Comment by locknitpicker

10 hours ago

> Maybe it's weird but I'd rather give up that 4% accuracy increase than roleplay a dickhead

I recommend reading the article. What they classify as "rude" is statements such as:

> Try to focus and try to answer this question

> Could you please solve this problem

This might very well be an issue of direct/command prompts vs using fluff words such as "please". Things like "try to focus" are in line with the style used in chain-of-thought promts that nudge non-reasoning models to outline responses step by step which contribute to frame the problem.

4 comments

locknitpicker

bcjdjsndon 6 hours ago

Isn't all this massively dependent on what they trained the llm on?

locknitpicker 2 hours ago

> Isn't all this massively dependent on what they trained the llm on?
The article is from 2025 and tested ChatGPT 4o.

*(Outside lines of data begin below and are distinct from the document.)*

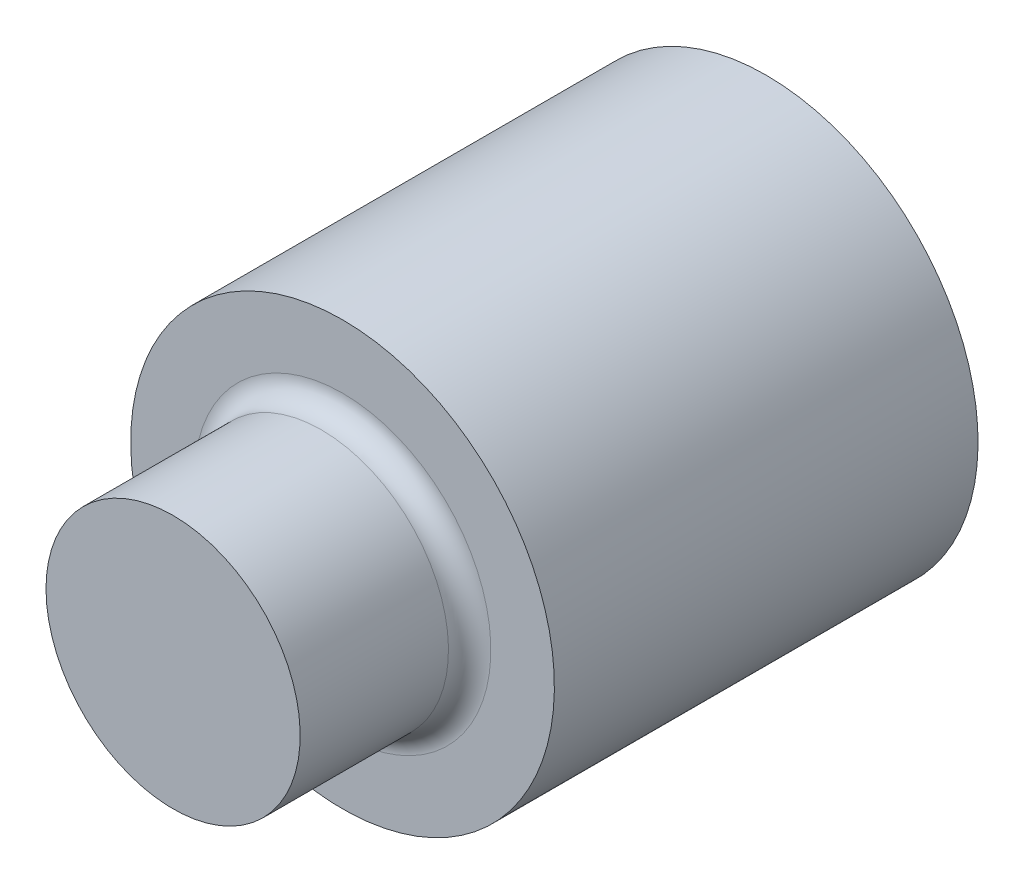
from build123d import *

# Parameters (mm, degrees)
SKETCH3_W               = 57.459303788
SKETCH3_H               = 5.287178435
CUT_EXTRUDE1_DEPTH      = 3.5
CUT_EXTRUDE1_DEPTH_BACK = 3.5


with BuildPart() as part:
    # Sketch2 → Revolve1 (revolve)
    with BuildSketch(Plane(origin=(0, 0, 0), x_dir=(0, 0, -1), z_dir=(1, 0, 0))):
        with BuildLine():
            Line((-29, 1.5), (28.75, 1.5))
            ThreePointArc((28.75, 1.5), (28.926776695, 1.573223305), (29, 1.75))
            Line((29, 1.75), (29, 2.5))
            Line((29, 2.5), (34, 2.5))
            Line((34, 2.5), (34, 0))
            Line((34, 0), (-29, 0))
            Line((-29, 0), (-29, 1.5))
        make_face()
    revolve(axis=Axis((0, 0, -34), (0, 0, 1)))

    # Sketch3 → Cut-Extrude1 (cut, two sides)
    with BuildSketch(Plane(origin=(0, 0, 0), x_dir=(0, 0, -1), z_dir=(1, 0, 0))) as cut_extrude1_sk:
        with Locations((-1.729651894, 0.054546596)):
            Rectangle(SKETCH3_W, SKETCH3_H)
    extrude(amount=CUT_EXTRUDE1_DEPTH, mode=Mode.SUBTRACT)
    extrude(cut_extrude1_sk.sketch, amount=-CUT_EXTRUDE1_DEPTH_BACK, mode=Mode.SUBTRACT)


solid = part.part
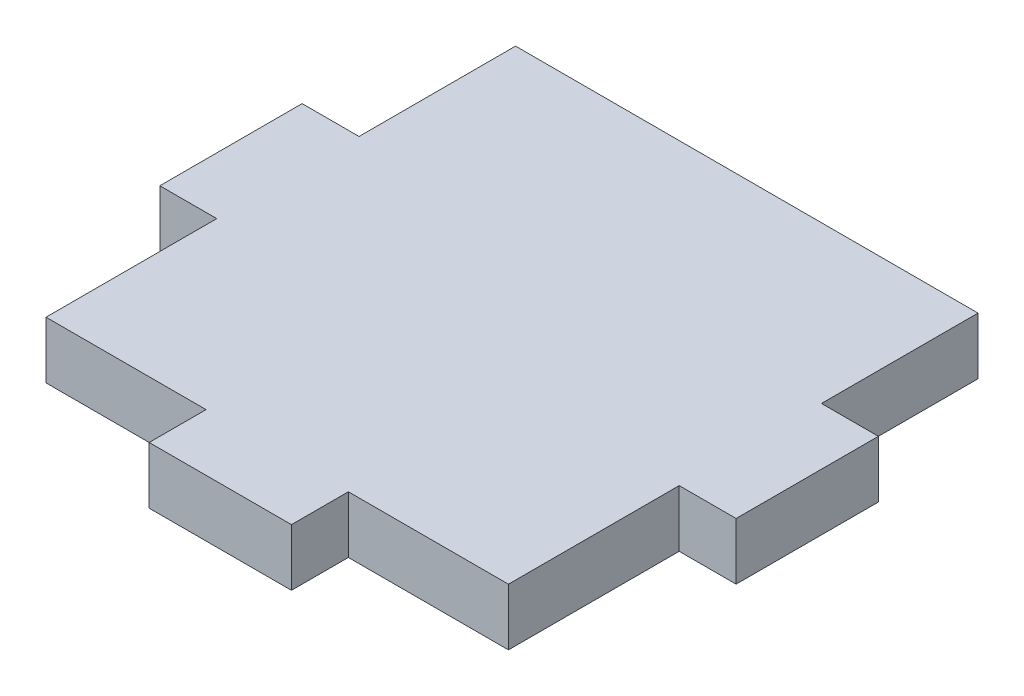
from build123d import *

# Parameters (mm, degrees)
SKETCH1_W           = 32.5
SKETCH1_H           = 33
BOSS_EXTRUDE1_DEPTH = 4
SKETCH2_W           = 10
SKETCH2_H           = 4
SKETCH2_W_2         = 4
SKETCH2_H_2         = 10
BOSS_EXTRUDE2_DEPTH = 4


with BuildPart() as part:
    # Sketch1 → Boss-Extrude1 (new body)
    with BuildSketch(Plane(origin=(0, 0, 0), x_dir=(1, 0, 0), z_dir=(0, 1, 0))):
        with Locations((16.25, -16.5)):
            Rectangle(SKETCH1_W, SKETCH1_H)
    extrude(amount=BOSS_EXTRUDE1_DEPTH)

    # Sketch2 → Boss-Extrude2 (add, through all)
    with BuildSketch(Plane.XZ):
        with Locations((16.25, 35)):
            Rectangle(SKETCH2_W, SKETCH2_H)
        with Locations((34.5, 16)):
            Rectangle(SKETCH2_W_2, SKETCH2_H_2)
        with Locations((-2, 16)):
            Rectangle(SKETCH2_W_2, SKETCH2_H_2)
    extrude(amount=-BOSS_EXTRUDE2_DEPTH)


solid = part.part
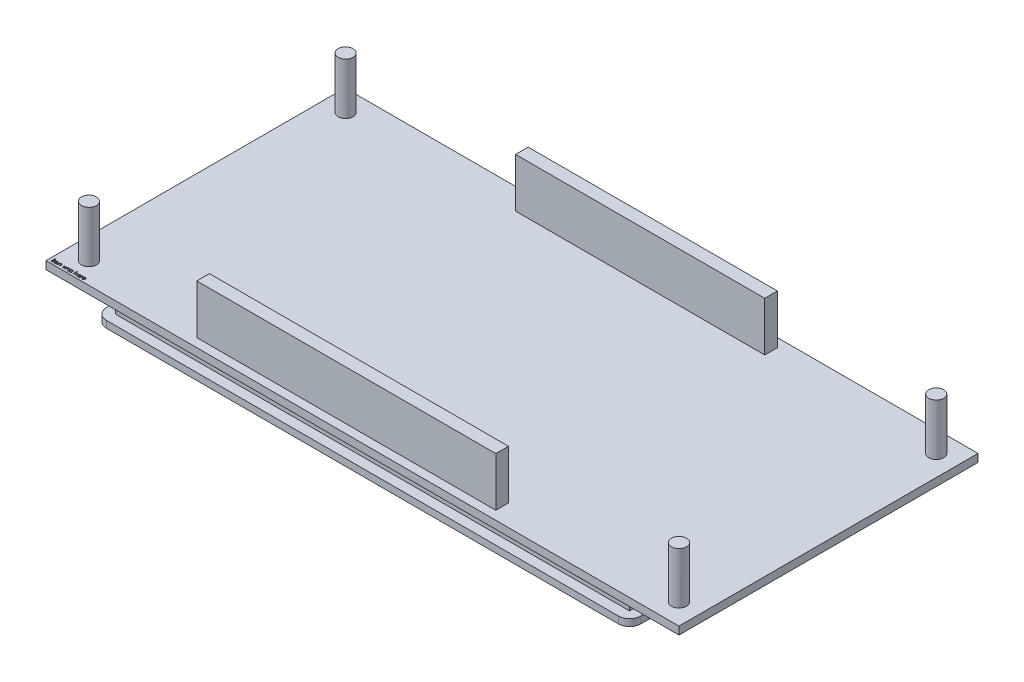
from build123d import *

# Parameters (mm, degrees)
SKETCH1_W           = 127
SKETCH1_H           = 60
BOSS_EXTRUDE1_DEPTH = 1.57
SKETCH2_R           = 1.5
BOSS_EXTRUDE2_DEPTH = 10.33
SKETCH3_W           = 107.2
SKETCH3_H           = 60
SKETCH3_W_2         = 88.657891226
SKETCH3_H_2         = 49.621954044
BOSS_EXTRUDE3_DEPTH = 4.13
SKETCH4_W           = 107.2
SKETCH4_H           = 60
SKETCH4_W_2         = 103.2
SKETCH4_H_2         = 56
CUT_EXTRUDE1_DEPTH  = 2.75
FILLET1_R           = 2.25
SKETCH5_W           = 88.657891226
SKETCH5_H           = 49.621954044
BOSS_EXTRUDE4_DEPTH = 4
SKETCH6_W           = 50
SKETCH6_H           = 2.54
SKETCH6_W_2         = 60
BOSS_EXTRUDE5_DEPTH = 9.85
BOSS_EXTRUDE6_DEPTH = 0.1


with BuildPart() as part:
    # Sketch1 → Boss-Extrude1 (new body)
    with BuildSketch(Plane(origin=(0, 0, 0), x_dir=(1, 0, 0), z_dir=(0, 1, 0))):
        with Locations((63.5, 30)):
            Rectangle(SKETCH1_W, SKETCH1_H)
    extrude(amount=BOSS_EXTRUDE1_DEPTH)

    # Sketch2 → Boss-Extrude2 (add)
    with BuildSketch(Plane(origin=(0, 1.57, 0), x_dir=(1, 0, 0), z_dir=(0, 1, 0))):
        with Locations((4.31, 55.81)):
            Circle(SKETCH2_R)
        with Locations((4.31, 4.31)):
            Circle(SKETCH2_R)
        with Locations((122.81, 4.19)):
            Circle(SKETCH2_R)
        with Locations((122.81, 55.81)):
            Circle(SKETCH2_R)
    extrude(amount=BOSS_EXTRUDE2_DEPTH)

    # Sketch3 → Boss-Extrude3 (add)
    with BuildSketch(Plane.XZ):
        with Locations((63.5, -30)):
            Rectangle(SKETCH3_W, SKETCH3_H)
        with Locations((63.5, -30)):
            Rectangle(SKETCH3_W_2, SKETCH3_H_2, mode=Mode.SUBTRACT)
    extrude(amount=BOSS_EXTRUDE3_DEPTH)

    # Sketch4 → Cut-Extrude1 (cut)
    with BuildSketch(Plane.XZ):
        with Locations((63.5, -30)):
            Rectangle(SKETCH4_W, SKETCH4_H)
        with Locations((63.5, -30)):
            Rectangle(SKETCH4_W_2, SKETCH4_H_2, mode=Mode.SUBTRACT)
    extrude(amount=CUT_EXTRUDE1_DEPTH, mode=Mode.SUBTRACT)

    # Fillet1
    fillet1_edges = [part.edges().sort_by_distance(p)[0] for p in [
        (117.1, -3.44, -60),
        (117.1, -3.44, 0),
        (9.9, -3.44, 0),
        (9.9, -3.44, -60),
    ]]
    fillet(fillet1_edges, radius=FILLET1_R)

    # Sketch5 → Boss-Extrude4 (add)
    with BuildSketch(Plane.XZ):
        with Locations((63.5, -30)):
            Rectangle(SKETCH5_W, SKETCH5_H)
    extrude(amount=BOSS_EXTRUDE4_DEPTH)

    # Sketch6 → Boss-Extrude5 (add)
    with BuildSketch(Plane(origin=(0, 1.57, 0), x_dir=(1, 0, 0), z_dir=(0, 1, 0))):
        with Locations((63.5, 56.98)):
            Rectangle(SKETCH6_W, SKETCH6_H)
        with Locations((58.5, 3.02)):
            Rectangle(SKETCH6_W_2, SKETCH6_H)
    extrude(amount=BOSS_EXTRUDE5_DEPTH)

    # Sketch7 → Boss-Extrude6 (add)
    with BuildSketch(Plane(origin=(0, 1.57, 0), x_dir=(1, 0, 0), z_dir=(0, 1, 0))):
        with BuildLine():
            Line((0.608390087, 1.15544413), (0.754724222, 1.15544413))
            add(Edge.make_bspline(
                [(0.754724222, 1.15544413), (0.761887467, 1.155406469), (0.77577162, 1.155333473), (0.7959615, 1.154201373), (0.814871959, 1.15265773), (0.832508482, 1.150208424), (0.848862918, 1.147253043), (0.863984555, 1.143674083), (0.877825306, 1.139382665), (0.894349464, 1.132558462), (0.913189605, 1.122417783), (0.933589261, 1.107433091), (0.951033027, 1.089104706), (0.966072952, 1.068429851), (0.978030334, 1.045686472), (0.986680898, 1.021416645), (0.992157586, 0.995933415), (0.992720822, 0.978438448), (0.993005472, 0.969596774)],
                knots=[0, 0, 0, 0, 2.1486e-05, 4.1646e-05, 6.0648e-05, 7.839e-05, 9.504e-05, 0.00011049, 0.000124983, 0.000138459, 0.000164071, 0.000188981, 0.000214056, 0.00023966, 0.000265467, 0.000290843, 0.000316773, 0.000343267, 0.000343267, 0.000343267, 0.000343267], degree=3))
            add(Edge.make_bspline(
                [(0.993005472, 0.969596774), (0.992771211, 0.961314083), (0.992310866, 0.945037815), (0.987908846, 0.921231935), (0.981017274, 0.898570959), (0.971437578, 0.877137591), (0.95898715, 0.857416102), (0.944231796, 0.839247403), (0.926429624, 0.823400748), (0.913091787, 0.814541554), (0.90631677, 0.810041485)],
                knots=[0, 0, 0, 0, 2.4827e-05, 4.8786e-05, 7.2358e-05, 9.5759e-05, 0.000118979, 0.000142139, 0.000165758, 0.000190141, 0.000190141, 0.000190141, 0.000190141], degree=3))
            add(Edge.make_bspline(
                [(0.90631677, 0.810041485), (0.914836862, 0.806770414), (0.931137908, 0.800512045), (0.953570624, 0.789447302), (0.972898091, 0.777412564), (0.989268908, 0.764270025), (1.003269834, 0.750103851), (1.015495465, 0.734706327), (1.025927188, 0.717876593), (1.034865671, 0.699790121), (1.041840405, 0.680631592), (1.047063813, 0.660580712), (1.050056838, 0.639709378), (1.050482761, 0.625505369), (1.05069778, 0.618334755)],
                knots=[0, 0, 0, 0, 2.7369e-05, 5.2364e-05, 7.4914e-05, 9.5539e-05, 0.000115193, 0.00013455, 0.000154393, 0.000174484, 0.00019497, 0.000215449, 0.000236547, 0.000258057, 0.000258057, 0.000258057, 0.000258057], degree=3))
            add(Edge.make_bspline(
                [(1.05069778, 0.618334755), (1.050488456, 0.611013282), (1.050076604, 0.596608079), (1.047038039, 0.575446265), (1.04189323, 0.555223062), (1.034806556, 0.535807666), (1.025557489, 0.517237637), (1.014301496, 0.499491938), (1.000880447, 0.482748867), (0.985866975, 0.466822376), (0.96888223, 0.452502136), (0.950557425, 0.43974877), (0.930661785, 0.429260328), (0.909522072, 0.420449752), (0.886901147, 0.413719638), (0.862900588, 0.40901123), (0.837541095, 0.405838722), (0.820139006, 0.405577892), (0.811214607, 0.40544413)],
                knots=[0, 0, 0, 0, 2.196e-05, 4.3207e-05, 6.3978e-05, 8.4464e-05, 0.000105091, 0.000126097, 0.000147379, 0.000169376, 0.000191653, 0.000213907, 0.000236222, 0.000258989, 0.000282518, 0.000306885, 0.000332303, 0.000359061, 0.000359061, 0.000359061, 0.000359061], degree=3))
            Line((0.811214607, 0.40544413), (0.608390087, 0.40544413))
            Line((0.608390087, 0.40544413), (0.608390087, 1.15544413))
        make_face()
        with BuildLine():
            Line((0.67569778, 1.078521053), (0.67569778, 0.838136437))
            Line((0.67569778, 0.838136437), (0.720920135, 0.838136437))
            add(Edge.make_bspline(
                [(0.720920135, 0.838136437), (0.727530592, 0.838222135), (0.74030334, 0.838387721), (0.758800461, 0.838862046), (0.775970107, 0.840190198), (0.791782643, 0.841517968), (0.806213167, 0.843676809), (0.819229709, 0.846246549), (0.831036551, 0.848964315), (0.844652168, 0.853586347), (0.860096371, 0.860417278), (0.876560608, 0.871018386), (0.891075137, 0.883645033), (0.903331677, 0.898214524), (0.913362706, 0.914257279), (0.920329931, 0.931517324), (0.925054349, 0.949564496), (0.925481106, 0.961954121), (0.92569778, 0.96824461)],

I haven't read anything suggesting it was trained any differently, and command-style prompts indeed have higher signal.

john_strinlai 5 hours ago

you cherry-picked like the nicest "rude" example to bolster your point.

"You poor creature, do you even know how to solve this?", "If you're not completely clueless, answer this:", and "I doubt you can even solve this", said to a human, would be considered quite rude, and get you flagged very quickly on HN.

locknitpicker 2 hours ago

> you cherry-picked like the nicest "rude" example to bolster your point.
I didn't cherry-picked. The article lists 5 categories, including rude and very rude. I omitted very rude comments because they are... Very rude. And can blindly get people flagged?
Nevertheless, I've just realized I made a mistake and very rude comments are reported to slightly outperform rude comments. I misinterpreted the paper's intro and I presumed they didn't.